Social conformism – if people are told what the social norm is, a bit like the default, they are more likely to go with that. This was used by the cooperative funeral services when asking people if they would like to leave money to charity in their will. The ‘passion ask’ was ‘Most people like to leave something for good causes in their will, would you like to as well?’.
Future discounting – this is the idea that we value the future less than the here and now. This was used to encourage savings. So employees were either told by a financial advisor to start saving more immediately, or a second group were invited to register for a savings scheme that wouldn’t start until the following year. The result is much higher savings rates.

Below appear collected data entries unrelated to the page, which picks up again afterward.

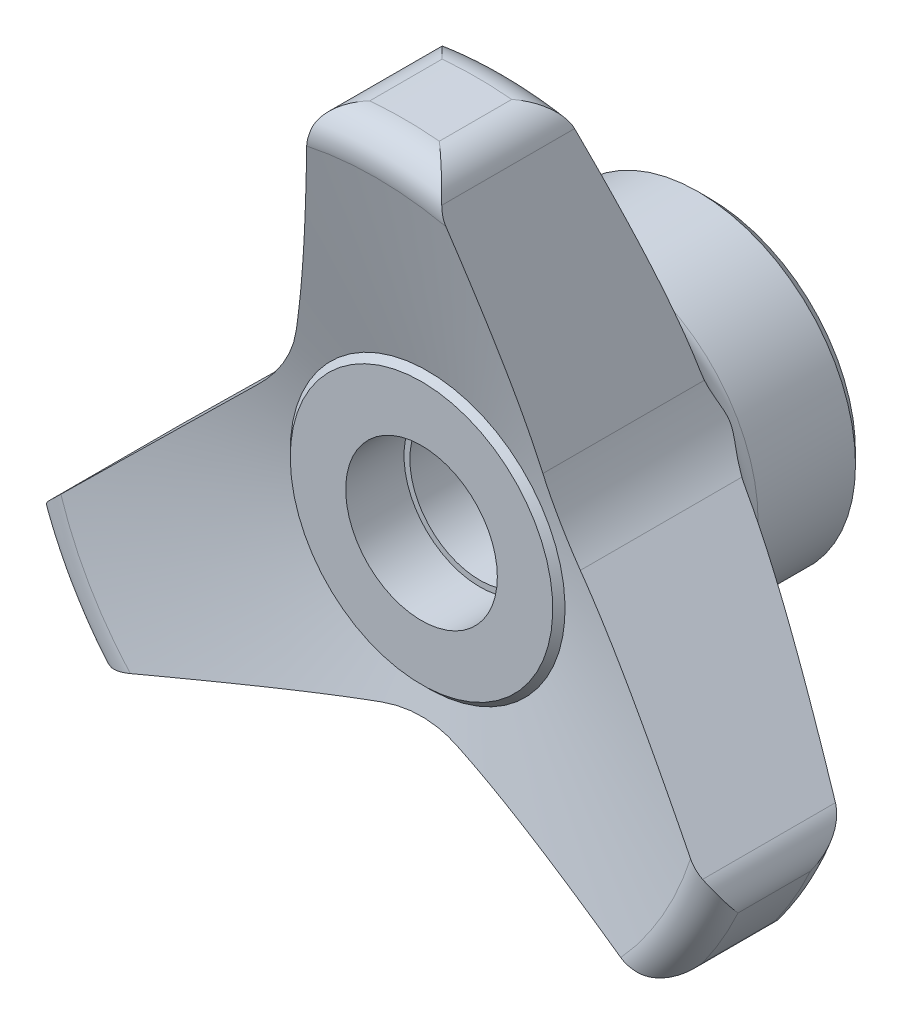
ISO-10303-21;
HEADER;
FILE_DESCRIPTION(('STEP AP214'),'2;1');
FILE_NAME('part.step','',(''),(''),'','','');
FILE_SCHEMA(('AUTOMOTIVE_DESIGN { 1 0 10303 214 1 1 1 1 }'));
ENDSEC;
DATA;
#1=APPLICATION_CONTEXT('core data for automotive mechanical design processes');
#2=APPLICATION_PROTOCOL_DEFINITION('international standard','automotive_design',2000,#1);
#3=PRODUCT_CONTEXT('',#1,'mechanical');
#4=PRODUCT('Part','Part','',(#3));
#5=PRODUCT_RELATED_PRODUCT_CATEGORY('part','',(#4));
#6=PRODUCT_DEFINITION_FORMATION('','',#4);
#7=PRODUCT_DEFINITION_CONTEXT('part definition',#1,'design');
#8=PRODUCT_DEFINITION('design','',#6,#7);
#9=PRODUCT_DEFINITION_SHAPE('','',#8);
#10=(LENGTH_UNIT() NAMED_UNIT(*) SI_UNIT(.MILLI.,.METRE.));
#11=(NAMED_UNIT(*) PLANE_ANGLE_UNIT() SI_UNIT($,.RADIAN.));
#12=(NAMED_UNIT(*) SI_UNIT($,.STERADIAN.) SOLID_ANGLE_UNIT());
#13=UNCERTAINTY_MEASURE_WITH_UNIT(LENGTH_MEASURE(1.E-05),#10,'distance_accuracy_value','');
#14=(GEOMETRIC_REPRESENTATION_CONTEXT(3) GLOBAL_UNCERTAINTY_ASSIGNED_CONTEXT((#13)) GLOBAL_UNIT_ASSIGNED_CONTEXT((#10,
#11,#12)) REPRESENTATION_CONTEXT('',''));
#15=CARTESIAN_POINT('',(0.,0.,0.));
#16=DIRECTION('',(0.,0.,1.));
#17=DIRECTION('',(1.,0.,0.));
#18=AXIS2_PLACEMENT_3D('',#15,#16,#17);
#19=CARTESIAN_POINT('',(0.,0.,11.505350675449));
#20=DIRECTION('',(0.,0.,1.));
#21=DIRECTION('',(-0.501223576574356,-0.865317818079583,0.));
#22=AXIS2_PLACEMENT_3D('',#19,#20,#21);
#23=CONICAL_SURFACE('',#22,14.7507868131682,1.18682389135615);
#24=CARTESIAN_POINT('',(-14.2492198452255,3.81193413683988,11.505150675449));
#25=CARTESIAN_POINT('',(-14.473897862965,3.59227891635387,11.5699165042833));
#26=CARTESIAN_POINT('',(-14.698146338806,3.37304363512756,11.6375428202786));
#27=CARTESIAN_POINT('',(-15.1458064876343,2.93539116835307,11.7779256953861));
#28=CARTESIAN_POINT('',(-15.3692182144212,2.71697393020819,11.8506819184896));
#29=CARTESIAN_POINT('',(-15.8151885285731,2.28097352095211,12.0007196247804));
#30=CARTESIAN_POINT('',(-16.0377473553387,2.0633901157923,12.077999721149));
#31=CARTESIAN_POINT('',(-16.4821311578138,1.628940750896,12.2365947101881));
#32=CARTESIAN_POINT('',(-16.7039561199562,1.41207480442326,12.3179096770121));
#33=CARTESIAN_POINT('',(-17.3680257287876,0.762850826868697,12.5670552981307));
#34=CARTESIAN_POINT('',(-17.8092491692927,0.331491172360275,12.7402176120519));
#35=CARTESIAN_POINT('',(-18.6894027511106,-0.528986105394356,13.0977027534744));
#36=CARTESIAN_POINT('',(-19.1283326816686,-0.958103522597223,13.2820265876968));
#37=CARTESIAN_POINT('',(-20.0036886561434,-1.81389044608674,13.6592457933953));
#38=CARTESIAN_POINT('',(-20.4401171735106,-2.24056237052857,13.8521299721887));
#39=CARTESIAN_POINT('',(-21.311342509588,-3.0923109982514,14.2448937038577));
#40=CARTESIAN_POINT('',(-21.7461393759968,-3.51738774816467,14.4447730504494));
#41=CARTESIAN_POINT('',(-22.6144740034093,-4.36631029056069,14.8502060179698));
#42=CARTESIAN_POINT('',(-23.0480114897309,-4.79015581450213,15.055760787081));
#43=CARTESIAN_POINT('',(-23.9139626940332,-5.63674821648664,15.4714492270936));
#44=CARTESIAN_POINT('',(-24.3463764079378,-6.05949509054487,15.681582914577));
#45=CARTESIAN_POINT('',(-25.048327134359,-6.74575333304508,16.0261282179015));
#46=CARTESIAN_POINT('',(-25.31815220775,-7.00954632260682,16.1593944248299));
#47=CARTESIAN_POINT('',(-25.8574532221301,-7.53679097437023,16.4272262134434));
#48=CARTESIAN_POINT('',(-26.1269291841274,-7.80024265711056,16.5617917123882));
#49=CARTESIAN_POINT('',(-26.665678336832,-8.32694778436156,16.832134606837));
#50=CARTESIAN_POINT('',(-26.9349514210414,-8.59020112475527,16.9679124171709));
#51=CARTESIAN_POINT('',(-27.4732440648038,-9.11645994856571,17.2405215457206));
#52=CARTESIAN_POINT('',(-27.7422636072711,-9.37946541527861,17.3773529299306));
#53=CARTESIAN_POINT('',(-28.0111620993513,-9.64235253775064,17.514646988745));
#54=B_SPLINE_CURVE_WITH_KNOTS('',3,(#24,#25,#26,#27,#28,#29,#30,#31,#32,#33,#34,#35,#36,#37,#38,
#39,#40,#41,#42,#43,#44,#45,#46,#47,#48,#49,#50,#51,#52,#53),.UNSPECIFIED.,.F.,.F.,(4,2,2,2,2,2,
2,2,2,2,2,2,2,2,4),(0.,0.962420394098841,1.92477780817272,2.8868417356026,3.84892335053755,
5.77142846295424,7.69410723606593,9.61434217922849,11.534520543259,13.4550902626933,
15.3756669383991,16.5762353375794,17.7767277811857,18.9776480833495,20.1786442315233),.UNSPECIFIED.);
#55=CARTESIAN_POINT('',(-14.2499137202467,3.81125577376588,11.505350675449));
#56=VERTEX_POINT('',#55);
#57=CARTESIAN_POINT('',(-28.0107703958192,-9.64196959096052,17.514446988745));
#58=VERTEX_POINT('',#57);
#59=EDGE_CURVE('E318',#56,#58,#54,.T.);
#60=ORIENTED_EDGE('',*,*,#59,.F.);
#61=CARTESIAN_POINT('',(0.,0.,11.505350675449));
#62=DIRECTION('',(0.,0.,1.));
#63=DIRECTION('',(-0.501223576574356,-0.865317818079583,0.));
#64=AXIS2_PLACEMENT_3D('',#61,#62,#63);
#65=CIRCLE('',#64,14.7507868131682);
#66=CARTESIAN_POINT('',(-3.86457016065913,-14.2355473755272,11.505350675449));
#67=VERTEX_POINT('',#66);
#68=EDGE_CURVE('E532',#56,#67,#65,.T.);
#69=ORIENTED_EDGE('',*,*,#68,.T.);
#70=CARTESIAN_POINT('',(-3.86363500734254,-14.2352882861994,11.505150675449));
#71=CARTESIAN_POINT('',(-4.16643938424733,-14.3191818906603,11.5699165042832));
#72=CARTESIAN_POINT('',(-4.46866485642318,-14.4029151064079,11.6375428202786));
#73=CARTESIAN_POINT('',(-5.07198801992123,-14.5700690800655,11.777925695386));
#74=CARTESIAN_POINT('',(-5.37308578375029,-14.6534898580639,11.8506819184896));
#75=CARTESIAN_POINT('',(-5.97413151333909,-14.8200128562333,12.0007196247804));
#76=CARTESIAN_POINT('',(-6.27407980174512,-14.9031151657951,12.0779997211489));
#77=CARTESIAN_POINT('',(-6.87298734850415,-15.0690457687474,12.236594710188));
#78=CARTESIAN_POINT('',(-7.17194658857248,-15.1518740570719,12.317909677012));
#79=CARTESIAN_POINT('',(-8.06693037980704,-15.3998341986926,12.5670552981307));
#80=CARTESIAN_POINT('',(-8.66157862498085,-15.5645847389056,12.7402176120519));
#81=CARTESIAN_POINT('',(-9.84778437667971,-15.8932295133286,13.0977027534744));
#82=CARTESIAN_POINT('',(-10.439341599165,-16.0571236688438,13.2820265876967));
#83=CARTESIAN_POINT('',(-11.6190814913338,-16.3839770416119,13.6592457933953));
#84=CARTESIAN_POINT('',(-12.2072674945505,-16.5469371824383,13.8521299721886));
#85=CARTESIAN_POINT('',(-13.3814404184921,-16.8722481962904,14.2448937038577));
#86=CARTESIAN_POINT('',(-13.9674274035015,-17.0345990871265,14.4447730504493));
#87=CARTESIAN_POINT('',(-15.1377044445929,-17.3588307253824,14.8502060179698));
#88=CARTESIAN_POINT('',(-15.7219941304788,-17.5207113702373,15.055760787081));
#89=CARTESIAN_POINT('',(-16.8890589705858,-17.8440530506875,15.4714492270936));
#90=CARTESIAN_POINT('',(-17.4718341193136,-18.0055140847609,15.681582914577));
#91=CARTESIAN_POINT('',(-18.4178712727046,-18.26761883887,16.0261282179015));
#92=CARTESIAN_POINT('',(-18.7815215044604,-18.3683701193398,16.1593944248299));
#93=CARTESIAN_POINT('',(-19.5083514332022,-18.5697423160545,16.4272262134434));
#94=CARTESIAN_POINT('',(-19.8715311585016,-18.6703632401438,16.5617917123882));
#95=CARTESIAN_POINT('',(-20.5976173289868,-18.8715293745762,16.8321346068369));
#96=CARTESIAN_POINT('',(-20.9605236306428,-18.9720745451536,16.9679124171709));
#97=CARTESIAN_POINT('',(-21.6859945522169,-19.1730702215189,17.2405215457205));
#98=CARTESIAN_POINT('',(-22.048559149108,-19.2735207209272,17.3773529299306));
#99=CARTESIAN_POINT('',(-22.4109606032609,-19.3739260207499,17.514646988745));
#100=B_SPLINE_CURVE_WITH_KNOTS('',3,(#70,#71,#72,#73,#74,#75,#76,#77,#78,#79,#80,#81,#82,#83,
#84,#85,#86,#87,#88,#89,#90,#91,#92,#93,#94,#95,#96,#97,#98,#99),.UNSPECIFIED.,.F.,.F.,(4,2,2,2,
2,2,2,2,2,2,2,2,2,2,4),(0.,0.962420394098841,1.92477780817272,2.88684173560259,3.84892335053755,
5.77142846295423,7.69410723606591,9.61434217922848,11.534520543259,13.4550902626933,
15.3756669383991,16.5762353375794,17.7767277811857,18.9776480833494,20.1786442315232),.UNSPECIFIED.);
#101=CARTESIAN_POINT('',(-22.4104326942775,-19.3737797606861,17.514446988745));
#102=VERTEX_POINT('',#101);
#103=EDGE_CURVE('E309',#67,#102,#100,.T.);
#104=ORIENTED_EDGE('',*,*,#103,.T.);
#105=CARTESIAN_POINT('',(0.,0.,17.514446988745));
#106=DIRECTION('',(0.,0.,1.));
#107=DIRECTION('',(-0.501223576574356,-0.865317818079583,0.));
#108=AXIS2_PLACEMENT_3D('',#105,#106,#107);
#109=CIRCLE('',#108,29.6238220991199);
#110=EDGE_CURVE('E530',#58,#102,#109,.T.);
#111=ORIENTED_EDGE('',*,*,#110,.F.);
#112=EDGE_LOOP('',(#60,#69,#104,#111));
#113=FACE_BOUND('',#112,.T.);
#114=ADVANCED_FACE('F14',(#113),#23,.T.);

A cautionary note, the effects seen in most of the policy trials government is doing are modest, and many studies found that effects were not long lasting, or no effect at all when we’d expect one.
I think this is in part because the field of behavioural insights really only draws on a narrow range of insights from the cognitive bias research. I think, and I hope, what we’re going to see over the next decade is the injection of ideas from the broader church of behavioural disciplines that I’ve mentioned today.
We also need to acknowledge that our behaviour is incredibly complex and the use of behavioural insights is not a magic bullet.
In the future, I hope that businesses gain the confidence to scrap financial incentives that are only supported by an inappropriate model of behaviour.
That business leaders understand that to achieve the desired behaviours they will need to treat employees as individuals, with different circumstances, different personalities and goals.
In parallel to that, I also think that behavioural insights offer some easy wins, in particular by understanding how people respond to information, employers can communicate the right information at the right time to motivate their employees to perform the desired behaviours.
The world I am most familiar with is very far from the world of business. Tutorials I give students at Oxford are normally on topics like ‘the importance of inter-group competition for meerkat sociality’ and ‘collective decision-making in honey bees’.
I am not an expert in KPIs and annual bonuses. I’m an expert in behavioural science.
Interdisciplinary dialogue succeeds when you learn ideas from an area that you don’t know much about and think how they can be applied in your back yard.
So I’ve finished sharing ideas, now it’s your turn to think how to apply these ideas in your world.